I absolutely loved the way the girls realise their power and the taking back of the power that was taken away from them by the men who wrote history for their own agendas. Another important element in this book is the power of friendships, sisterhood to be precise. Other important themes in the story are misogyny, xenophobia, child soldiers, and trauma.

The only thing I would criticize is the pace. The story drags for over two hundred pages, and you have to have the patience to get there. Ahead though, lies adventure and excitement, as well as a satisfying end.  

Reading: Tsitsi Dangarembga’s ‘Nervous Conditions’

“I was not sorry when my brother died.”

One of my favourite opening lines.

Before we get into the book can we give a round of applause to Tsitsi Dangarembga for her win? She recently became the first black woman to receive the German Peace Prize. Congratulations!

Now, as I was saying, one of my favourite opening lines to a novel. Enough to invite you in and find out more, to want to know the why and how. This is young Tambudza taking us through her childhood and starts off by telling us about her life in the village and the challenges she goes through as a girl.
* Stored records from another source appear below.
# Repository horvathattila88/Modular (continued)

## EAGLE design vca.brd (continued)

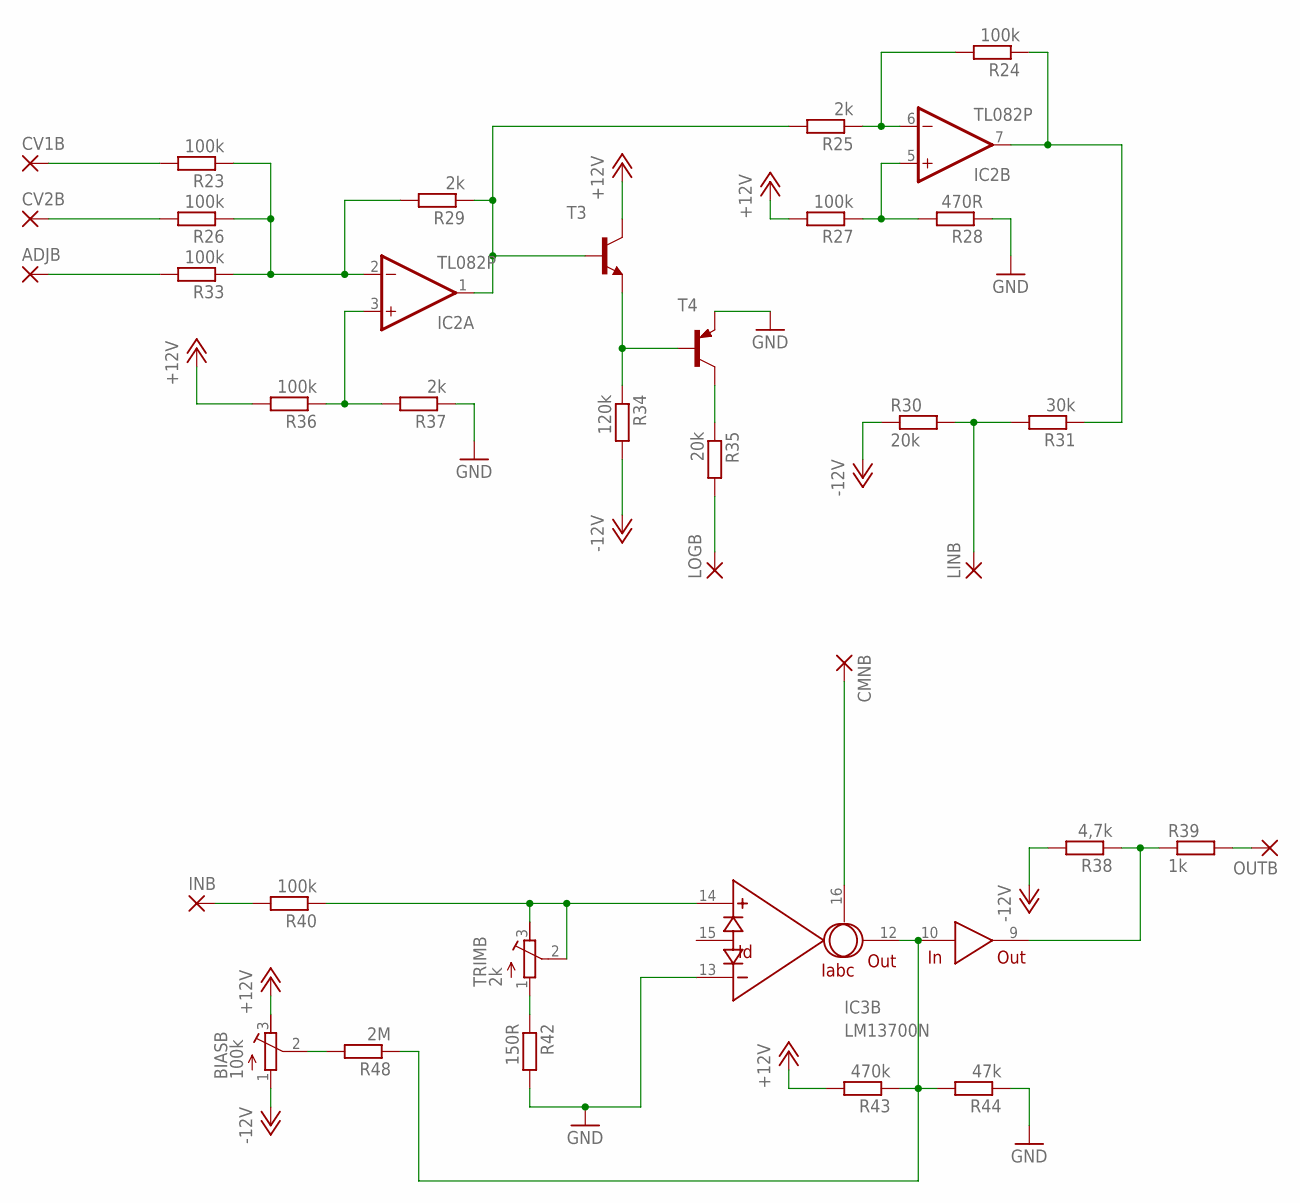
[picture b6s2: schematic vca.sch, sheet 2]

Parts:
ADJB: 2,54/1,0
BIASB: 100k; RTRIM64W
CMNB: 2,54/1,0
CV1B, CV2B: 2,54/1,0
IC2: TL082P; DIL08
IC3: LM13700N; DIL16
INB: 2,54/1,0
LINB: 2,54/1,0
LOGB: 2,54/1,0
OUTB: 2,54/1,0
R23, R26, R33, R40: 100k; 0309V
R24, R27, R36: 100k; 0309/10
R25, R29, R37: 2k; 0309/10
R28: 470R; 0309/10
R30: 20k; 0309V
R31: 30k; 0309V
R34: 120k; 0309/10
R35: 20k; 0309/10
R38: 4,7k; 0309/10
R39: 1k; 0309V
R42: 150R; 0309/10
R43: 470k; 0309/10
R44: 47k; 0309/10
R48: 2M; 0309/10
T3: 2N3904-NPN-TO92-EBC; TO92-EBC
T4: 2N3906-PNP-TO92-EBC; TO92-EBC
TRIMB: 2k; RTRIM64W

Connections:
+12V: BIASB.3 (E), R27.2, R36.2, R43.2, T3.C; also elsewhere on the board
-12V: BIASB.1 (A), R30.1, R34.2, R38.2; also elsewhere on the board
GND: IC3.13 (-IN), R28.1, R37.1, R42.2, R44.1, T4.E; also elsewhere on the board
unnamed: CV1B.1, R23.2
unnamed: CV2B.1, R26.2
unnamed: ADJB.1, R33.2
unnamed: IC2.2 (-IN), R23.1, R26.1, R29.2, R33.1
unnamed: IC2.3 (+IN), R36.1, R37.2
unnamed: IC2.1 (OUT), R25.2, R29.1, T3.B
unnamed: R34.1, T3.E, T4.B
unnamed: R35.1, T4.C
unnamed: LOGB.1, R35.2
unnamed: IC2.6 (-IN), R24.2, R25.1
unnamed: IC2.7 (OUT), R24.1, R31.1
unnamed: IC2.5 (+IN), R27.1, R28.2
unnamed: LINB.1, R30.2, R31.2
unnamed: IC3.10 (IN), IC3.12 (OUT), R43.1, R44.2, R48.1
unnamed: INB.1, R40.2
unnamed: CMNB.1, IC3.16 (IABC)
unnamed: IC3.14 (+IN), R40.1, TRIMB.2 (S), TRIMB.3 (E)
unnamed: R42.1, TRIMB.1 (A)
unnamed: BIASB.2 (S), R48.2
unnamed: OUTB.1, R39.2
unnamed: IC3.9 (OUT), R38.1, R39.1

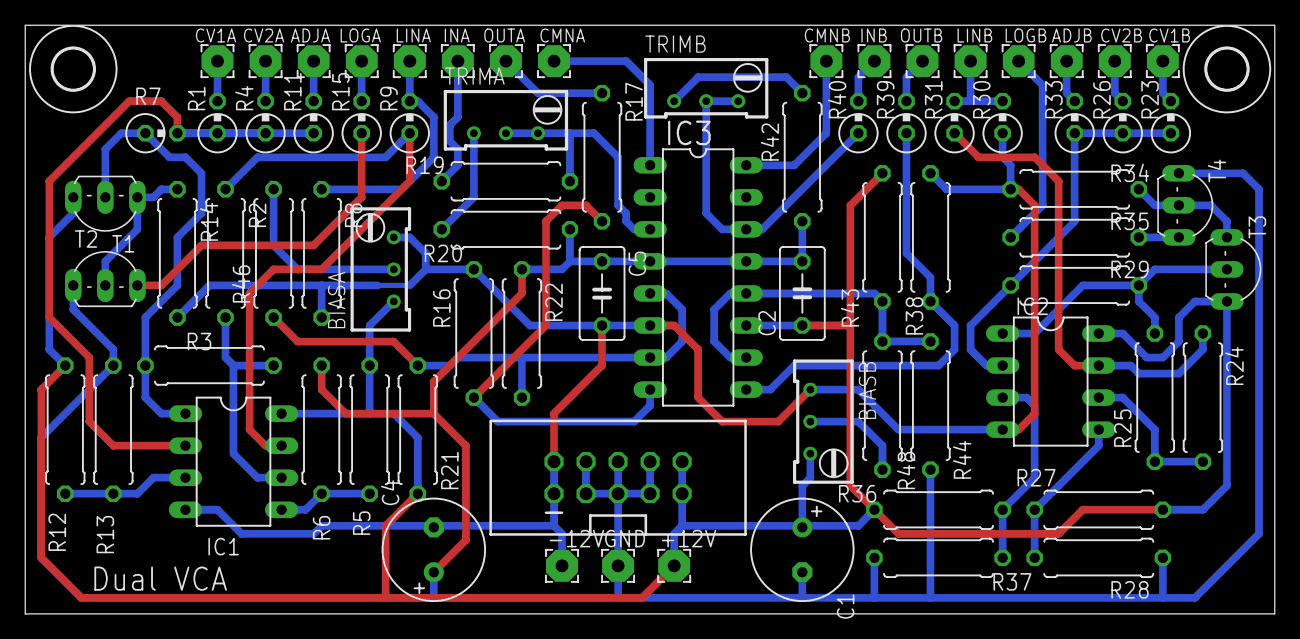
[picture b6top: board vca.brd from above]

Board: 2 copper layers, 99.0 x 46.7 mm, 79 parts (0 on the bottom side), 45 nets.

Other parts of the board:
U$1, U$2: 3,2

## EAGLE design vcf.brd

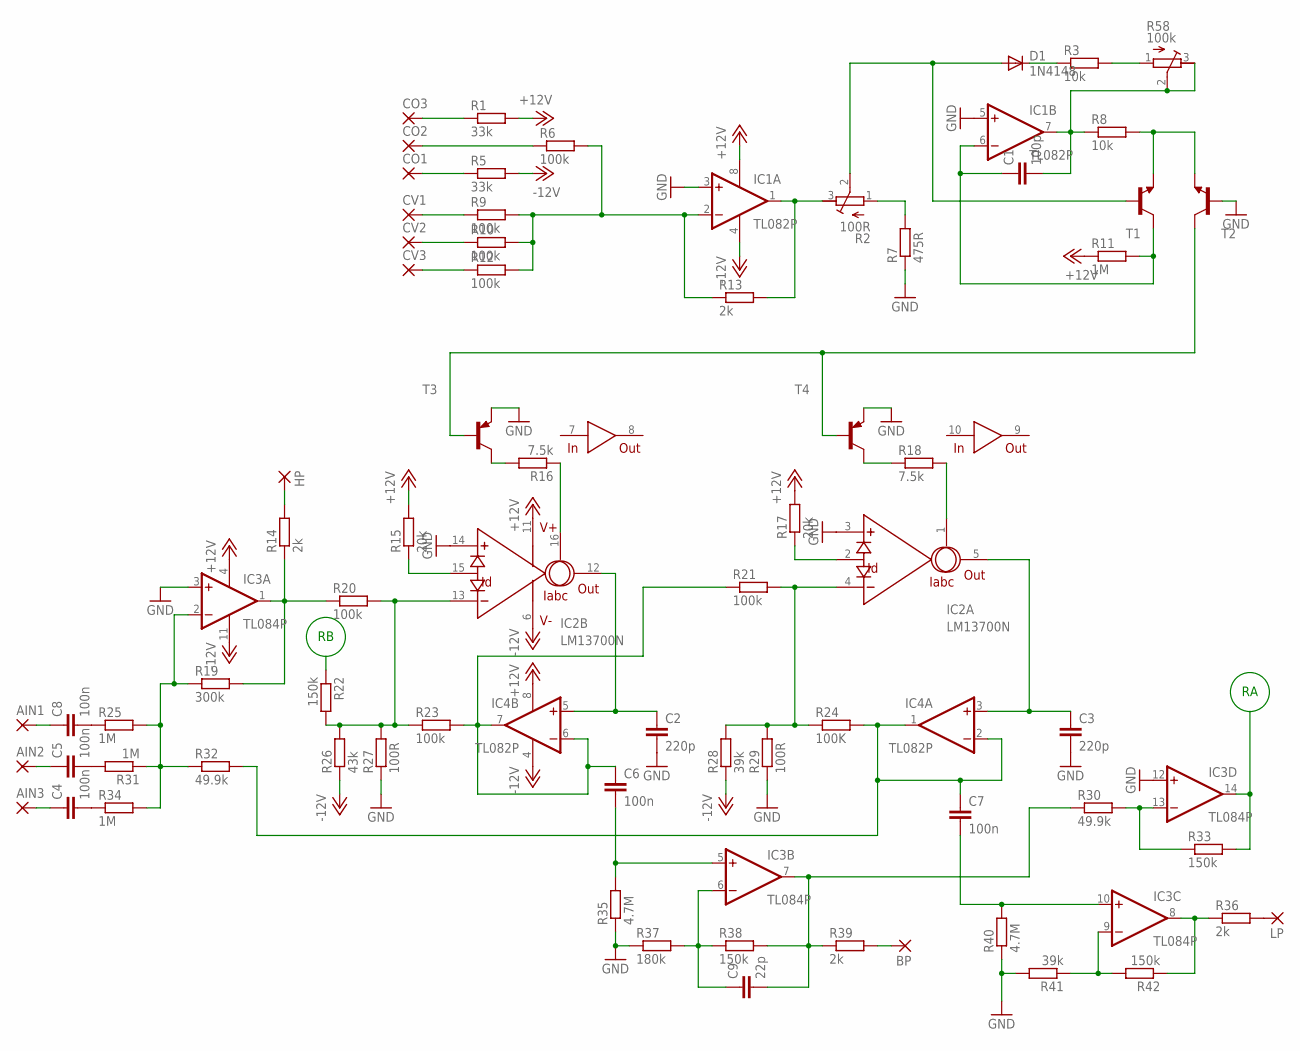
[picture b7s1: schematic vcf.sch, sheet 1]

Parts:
AIN1, AIN2, AIN3: 2,54/1,0
BP: 2,54/1,0
C1: 100p; C050-035X075
C2, C3: 220p; C050-035X075
C4, C5, C6, C7, C8: 100n; C050-035X075
C9: 22p; C050-035X075
CO1, CO2, CO3: 2,54/1,0
CV1, CV2, CV3: 2,54/1,0
D1: 1N4148; DO35-7
HP: 2,54/1,0
IC1, IC4: TL082P; DIL08
IC2: LM13700N; DIL16
IC3: TL084P; DIL14
LP: 2,54/1,0
R1, R5: 33k; 0309V
R2: 100R; RTRIM64W
R3: 10k; 0309V
R6, R9, R10, R12, R20: 100k; 0309V
R7: 475R; 0309V
R8: 10k; 0309/10
R11: 1M; 0309/10
R13, R14: 2k; 0309V
R15, R17: 20k; 0309/10
R16, R18: 7.5k; 0309/10
R19: 300k; 0309V
R21, R23: 100k; 0309/10
R22, R33, R38, R42: 150k; 0309/10
R24: 100K; 0309/10
R25, R31, R34: 1M; 0309V
R26: 43k; 0309V
R27: 100R; 0309V
R28, R41: 39k; 0309/10
R29: 100R; 0309/10
R30: 49.9k; 0309V
R32: 49.9k; 0309/10
R35: 4.7M; 0309V
R36, R39: 2k; 0309/10
R37: 180k; 0309V
R40: 4.7M; 0309/10
R58: 100k; RTRIM64W
T1, T2: 2N3904-NPN-TO92-EBC; TO92-EBC
T3, T4: 2N3906-PNP-TO92-EBC; TO92-EBC

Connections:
+12V: IC1.8 (V+), IC2.11 (V+), IC3.4 (V+), IC4.8 (V+), R1.2, R11.1, R15.2, R17.2; also elsewhere on the board
-12V: IC1.4 (V-), IC2.6 (V-), IC3.11 (V-), IC4.4 (V-), R5.2, R26.1, R28.1; also elsewhere on the board
GND: C2.2, C3.2, IC1.3 (+IN), IC1.5 (+IN), IC2.3 (+IN), IC2.14 (+IN), IC3.3 (+IN), IC3.12 (+IN), R7.1, R27.1, R29.1, R35.1, R37.1, R40.1, R41.2, T2.B, T3.E, T4.E; also elsewhere on the board
unnamed: CO3.1, R1.1
unnamed: CO2.1, R6.1
unnamed: CO1.1, R5.1
unnamed: CV1.1, R9.1
unnamed: CV2.1, R10.1
unnamed: CV3.1, R12.1
unnamed: IC1.2 (-IN), R6.2, R9.2, R10.2, R12.2, R13.1
unnamed: IC1.1 (OUT), R2.3 (E), R13.2
unnamed: R2.1 (A), R7.2
unnamed: C8.2, R25.1
unnamed: R8.2, T1.E, T2.E
unnamed: C1.1, IC1.6 (-IN), R11.2, T1.C
unnamed: D1.C, R3.1
unnamed: R3.2, R58.1 (A)
unnamed: C1.2, IC1.7 (OUT), R8.1, R58.2 (S), R58.3 (E)
unnamed: D1.A, R2.2 (S), T1.B
unnamed: T2.C, T3.B, T4.B
unnamed: C6.2, IC3.5 (+IN), R35.2
unnamed: C5.2, R31.2
unnamed: C4.2, R34.1
unnamed: IC3.1 (OUT), R14.1, R19.2, R20.1
unnamed: HP.1, R14.2
unnamed: IC3.2 (-IN), R19.1, R25.2, R31.1, R32.1, R34.2
unnamed: IC2.13 (-IN), R20.2, R22.2, R23.1, R26.2, R27.2
unnamed: IC2.15 (ID), R15.1
unnamed: IC2.2 (ID), R17.1
unnamed: IC2.16 (IABC), R16.1
unnamed: R16.2, T3.C
unnamed: R18.1, T4.C
unnamed: IC2.1 (IABC), R18.2
unnamed: IC2.4 (-IN), R21.2, R24.1, R28.2, R29.2
unnamed: C6.1, IC4.6 (-IN), IC4.7 (OUT), R21.1, R23.2
unnamed: C2.1, IC2.12 (OUT), IC4.5 (+IN)
unnamed: C3.1, IC2.5 (OUT), IC4.3 (+IN)
unnamed: AIN1.1, C8.1
unnamed: C9.1, IC3.6 (-IN), R37.2, R38.1
unnamed: C9.2, IC3.7 (OUT), R30.1, R38.2, R39.1
unnamed: BP.1, R39.2
unnamed: IC3.13 (-IN), R30.2, R33.1
unnamed: AIN2.1, C5.1
unnamed: C7.2, IC3.10 (+IN), R40.2
unnamed: IC3.9 (-IN), R41.1, R42.2
unnamed: IC3.8 (OUT), R36.1, R42.1
unnamed: LP.1, R36.2
unnamed: AIN3.1, C4.1
unnamed: C7.1, IC4.1 (OUT), IC4.2 (-IN), R24.2, R32.2
RA: IC3.14 (OUT), R33.2; also elsewhere on the board
RB: R22.1; also elsewhere on the board

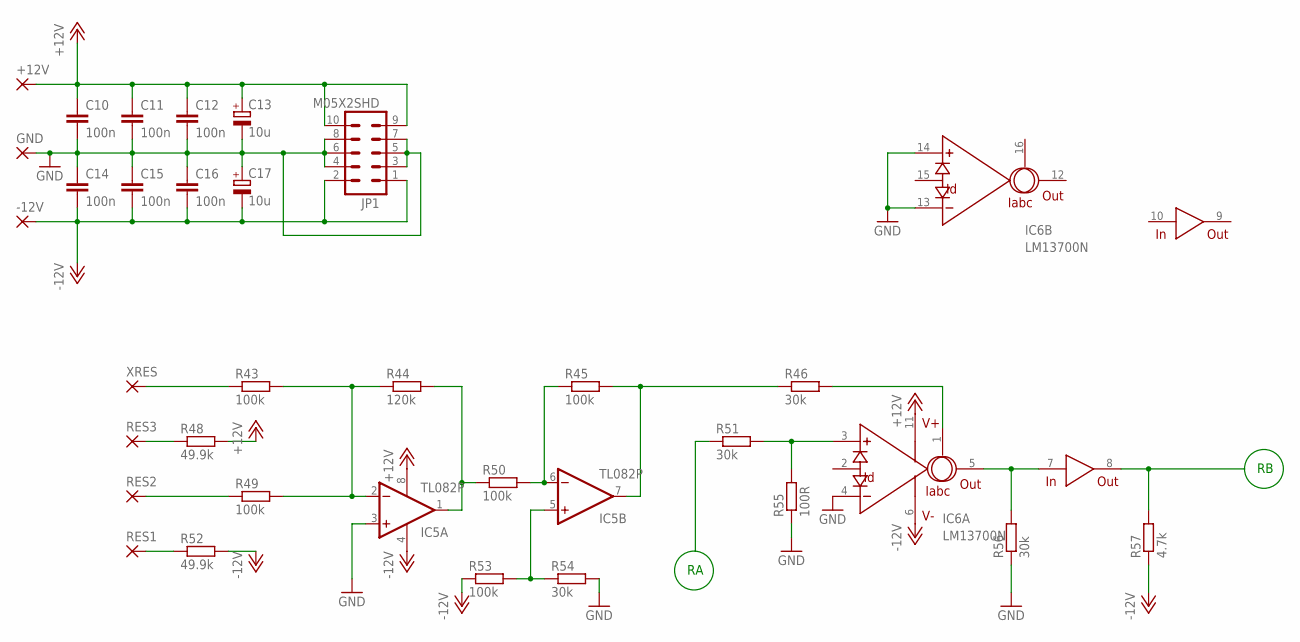
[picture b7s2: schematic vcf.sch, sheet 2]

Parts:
+12V: 2,54/1,0
-12V: 2,54/1,0
C10, C11, C12, C14, C15, C16: 100n; C050-035X075
C13, C17: 10u; E3,5-8
GND: 2,54/1,0
IC5: TL082P; DIL08
IC6: LM13700N; DIL16
JP1: M05X2SHD; 2X5-SHROUDED
R43, R45, R49, R50, R53: 100k; 0309/10
R44: 120k; 0309/10
R46, R51, R54, R56: 30k; 0309/10
R48, R52: 49.9k; 0309/10
R55: 100R; 0309/10
R57: 4.7k; 0309/10
RES1, RES2, RES3: 2,54/1,0
XRES: 2,54/1,0

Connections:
+12V: +12V.1, C10.1, C11.1, C12.1, C13.+, IC5.8 (V+), IC6.11 (V+), JP1.9, JP1.10, R48.2; also elsewhere on the board
-12V: -12V.1, C14.2, C15.2, C16.2, C17.-, IC5.4 (V-), IC6.6 (V-), JP1.1, JP1.2, R52.2, R53.1, R57.1; also elsewhere on the board
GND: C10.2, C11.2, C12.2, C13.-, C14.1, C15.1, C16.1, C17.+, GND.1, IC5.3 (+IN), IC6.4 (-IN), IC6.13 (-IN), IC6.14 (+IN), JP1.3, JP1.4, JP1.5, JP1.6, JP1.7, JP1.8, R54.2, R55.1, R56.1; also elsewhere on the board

Her brother is taken by their uncle to attend the missionary school, while she is told that the education she needs is how she will look after her future husband. Tambudza wants to go to school, but grooming her to be a “good wife” and womanhood are separated from education. She is taught that sacrifices are to be made by women (girls).

It’s when her brother dies that education is finally available to her and she also gets the opportunity to go live with her educated uncle, who’s the headmaster of the mission school. Living there presents its own troubles; her cousin’s rejection of her father’s claims of authority, and her uncle’s wife who’s an educated woman but who is merely her husband’s helpmate.

Dangarembga tackles significant themes such as the injustice towards girls and women, poverty and the burdens or duties of the educated members of poor families to help out, and the issue of Englishness.

I enjoyed this book because of the way it challenges the idea that the only use for girls and women is to look after men. The idea that a woman who is educated is not a good wife, this separation of the two comes out and we see how the characters struggle with it.

It’s an outstanding novel. The way Dangarembga pulls us deep into the lives of these girls and women, and how we are able to taste their realities. A book that makes you feel the heaviness of what the author is putting across is a winner, this book is a winner.